Shares of American Airlines parent AMR Corp soared as much as 25 percent on Thursday after the company said it had raised $2.9 billion in troubled credit markets and would shift flying to more profitable routes.
The shares were up $1.48, or 20 percent, at $8.83 in afternoon trading on the New York Stock Exchange as investors noted the improving cash position and the No. 2 U.S. airline's improved outlook for growth.
In a letter to employees, AMR Chief Executive Gerard Arpey said the company's ability to raise money in troubled capital markets is a vote of confidence from lenders, but he expressed caution as the company attempts to find its way out of an economic downturn.
It certainly has been important to investors that we have a track record of paying people back when we borrow money from them, Arpey said. But the fact is, we cannot borrow our way to prosperity.
We have to keep working toward sustained profitability because in the end, that alone will ensure our long term future, he said. Moreover, the bar we must get over just got higher, since the additional debt we have taken on will mean higher interest expenses going forward.
The $2.9 billion, which includes cash and financing, will help AMR meet some of its debt commitments. The capacity shift to U.S. hubs may reflect the beginnings of demand stabilization after weakness this year amid economic recession.
The gain in the shares outpaced the Amex airline index <.XAL>, which was up 2.44 percent amid signs that travel demand, especially demand for premium services, may be picking up. The airline index is up 26 percent so far in September, making it the best month since July 2008, when the index rose 31 percent.
AMR shares rose largely due to the increased cash position, said Basili Alukos, an airline analyst at Morningstar.
While they were one of the stronger airlines from a cash position, they do have looming debt commitments coming up, he said. He noted, in particular, AMR's obligation to fund its employee pensions -- an obligation many airlines do not have.
I'm always surprised to see that institutions continue loaning airlines money, Alukos said.
The $2.9 billion includes $1 billion from the advance sale of frequent flyer miles to Citigroup Inc and $280 million cash under a loan accord from GE Capital Aviation Services , secured by owned planes.

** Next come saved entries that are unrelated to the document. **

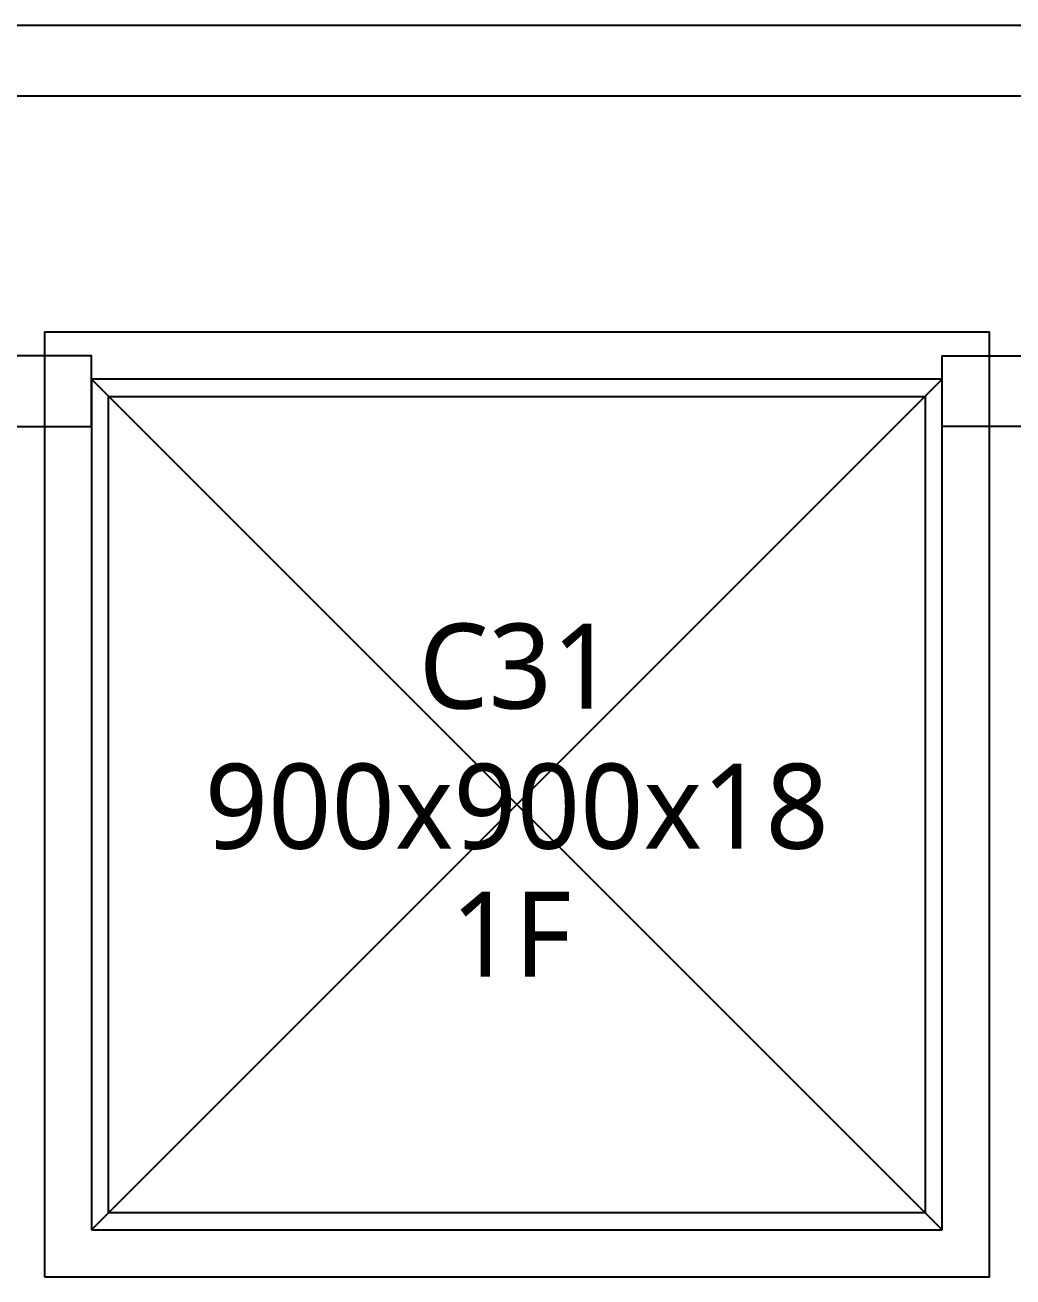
# Model space of a CAD drawing. Header units: millimetres. Extents: x -27104 to 125781, y -3376 to 46996.
# Drawn here: x 57132.49 to 57152.95, y 18504 to 18529.92 of the extents above; entities that cross this region are included whole.
import ezdxf
from ezdxf.enums import TextEntityAlignment as Align

# ---------------------------------------------------------------- set-up
doc = ezdxf.new("R2010")
doc.units = ezdxf.units.MM
doc.header["$LTSCALE"] = 100
doc.header["$MEASUREMENT"] = 0
doc.header["$PDSIZE"] = -10
doc.layers.get('0').update_dxf_attribs({"linetype": 'CONTINUOUS'})
doc.layers.get('Defpoints').update_dxf_attribs({"color": 171, "linetype": 'CONTINUOUS'})
doc.layers.add('#프레임 라인', color=189, linetype='CONTINUOUS', plot=False)
doc.layers.add('ELE9', color=9, linetype='CONTINUOUS')
doc.layers.add('FIN(패널-T75 글라스울)', color=6, linetype='CONTINUOUS')
doc.styles.add('TE', font='malgun_0.ttf')

# ---------------------------------------------------------------- blocks, each defined once
blk = doc.blocks.new('*U371')
at = {"color": 0, "linetype": 'ByBlock'}
for p, q in [((450, 450), (-450, 450)), ((-450, 450), (-450, -450)), ((450, -450), (450, 450)), ((-432, 432), (432, 432)), ((-432, -432), (-432, 432)), ((432, 432), (432, -432)), ((432, -432), (-432, -432)), ((-450, -450), (450, -450))]:
    blk.add_line(p, q, dxfattribs=at)
at = {"layer": 'Defpoints'}
blk.add_point((0, 0), dxfattribs=at)
blk = doc.blocks.new('C31-1F')
at = {"layer": '#프레임 라인', "ltscale": 0.1}
blk.add_lwpolyline([(-500, -500), (500, -500), (500, 500), (-500, 500)], close=True, dxfattribs=at)
at = {"layer": 'Defpoints', "ltscale": 10000}
for p, q in [((-450, -450), (450, 450)), ((450, -450), (-450, 450))]:
    blk.add_line(p, q, dxfattribs=at)
at = {"ltscale": 0.1}
blk.add_blockref('*U371', (0, 0), dxfattribs=at)
at = {"layer": 'Defpoints', "style": 'TE'}
for s, p in [('C31', (0.1, 101.5)), ('900x900x18', (-0.1, -46.8)), ('1F', (-6, -182.3))]:
    blk.add_text(s, height=90, dxfattribs=at).set_placement(p, align=Align.CENTER)
blk = doc.blocks.new('A$Ca9da7916')
at = {"layer": 'FIN(패널-T75 글라스울)'}
for p, q in [((227, 0), (227, 950)), ((302, 0), (302, 875))]:
    blk.add_line(p, q, dxfattribs=at)
blk = doc.blocks.new('ggtyu')
at = {"layer": 'ELE9', "color": 253}
for p, q in [((56934.632, 18693.722), (56953.218, 18693.722)), ((56936.099, 18692.254), (56953.218, 18692.254))]:
    blk.add_line(p, q, dxfattribs=at)
at = {"layer": 'ELE9', "color": 253, "ltscale": 0.1}
for points in [[(56942.458, 18685.407), (56944.414, 18685.407), (56944.414, 18686.874), (56942.458, 18686.874)], [(56963.978, 18685.407), (56962.021, 18685.407), (56962.021, 18686.874), (56963.978, 18686.874)]]:
    blk.add_lwpolyline(points, dxfattribs=at)
at = {"layer": 'ELE9', "color": 253, "ltscale": 0.1, "xscale": 0.01956378461538462, "yscale": 0.01956378461538462, "zscale": 0.01956378461538462, "rotation": 270}
blk.add_blockref('A$Ca9da7916', (56953.218, 18698.163), dxfattribs=at)
at = {"layer": 'ELE9', "color": 253, "ltscale": 0.1, "xscale": 0.01956378461538462, "yscale": 0.01956378461538462, "zscale": 0.01956378461538462}
blk.add_blockref('C31-1F', (56953.218, 18677.582), dxfattribs=at)

msp = doc.modelspace()

# ---------------------------------------------------------------- block references
msp.add_blockref('ggtyu', (189.458, -163.799))

doc.saveas('drawing.dxf')

AMR also got $1.6 billion in sale-leaseback financing commitments from GE for Boeing Co planes it had previously ordered.
On Wednesday, United Airlines parent UAL Corp said it has liquidity initiatives planned for this year. Alukos said he expects US Airways Group to pursue a similar course.
Also on Thursday, AMR said its American Eagle regional partner has signed a letter of intent with Bombardier Inc to exercise options to buy 22 additional aircraft for delivery beginning in mid-2010.
CAPACITY SHIFTS TO HUBS
AMR said it would reallocate service to its hubs in Dallas/Fort Worth, Chicago, Miami and New York. The bulk of the shift will impact Chicago, where AMR said it would add 57 daily flights at O'Hare International Airport to the summer 2010 schedule from winter 2009/2010.
St. Louis will suffer the deepest service cuts, with 46 daily departures being eliminated.
U.S. airlines have been downsizing since last year, struggling to match supply with falling demand. AMR has trimmed its consolidated capacity -- which includes that of regional partners -- 11 percent for the 2009 schedule compared with 2007.
But as signs of stability in travel demand return, AMR sees a slight increase in its consolidated capacity next year.
With fairly significant capacity reductions over the last two years, we are now looking at a 2010 vs 2009 capacity increase of about 1 percent, said Virasb Vahidi, AMR's senior vice president of planning.
He said the bulk of that increase reflects a 2.5 percent jump in international capacity as AMR begins service from Chicago to Beijing.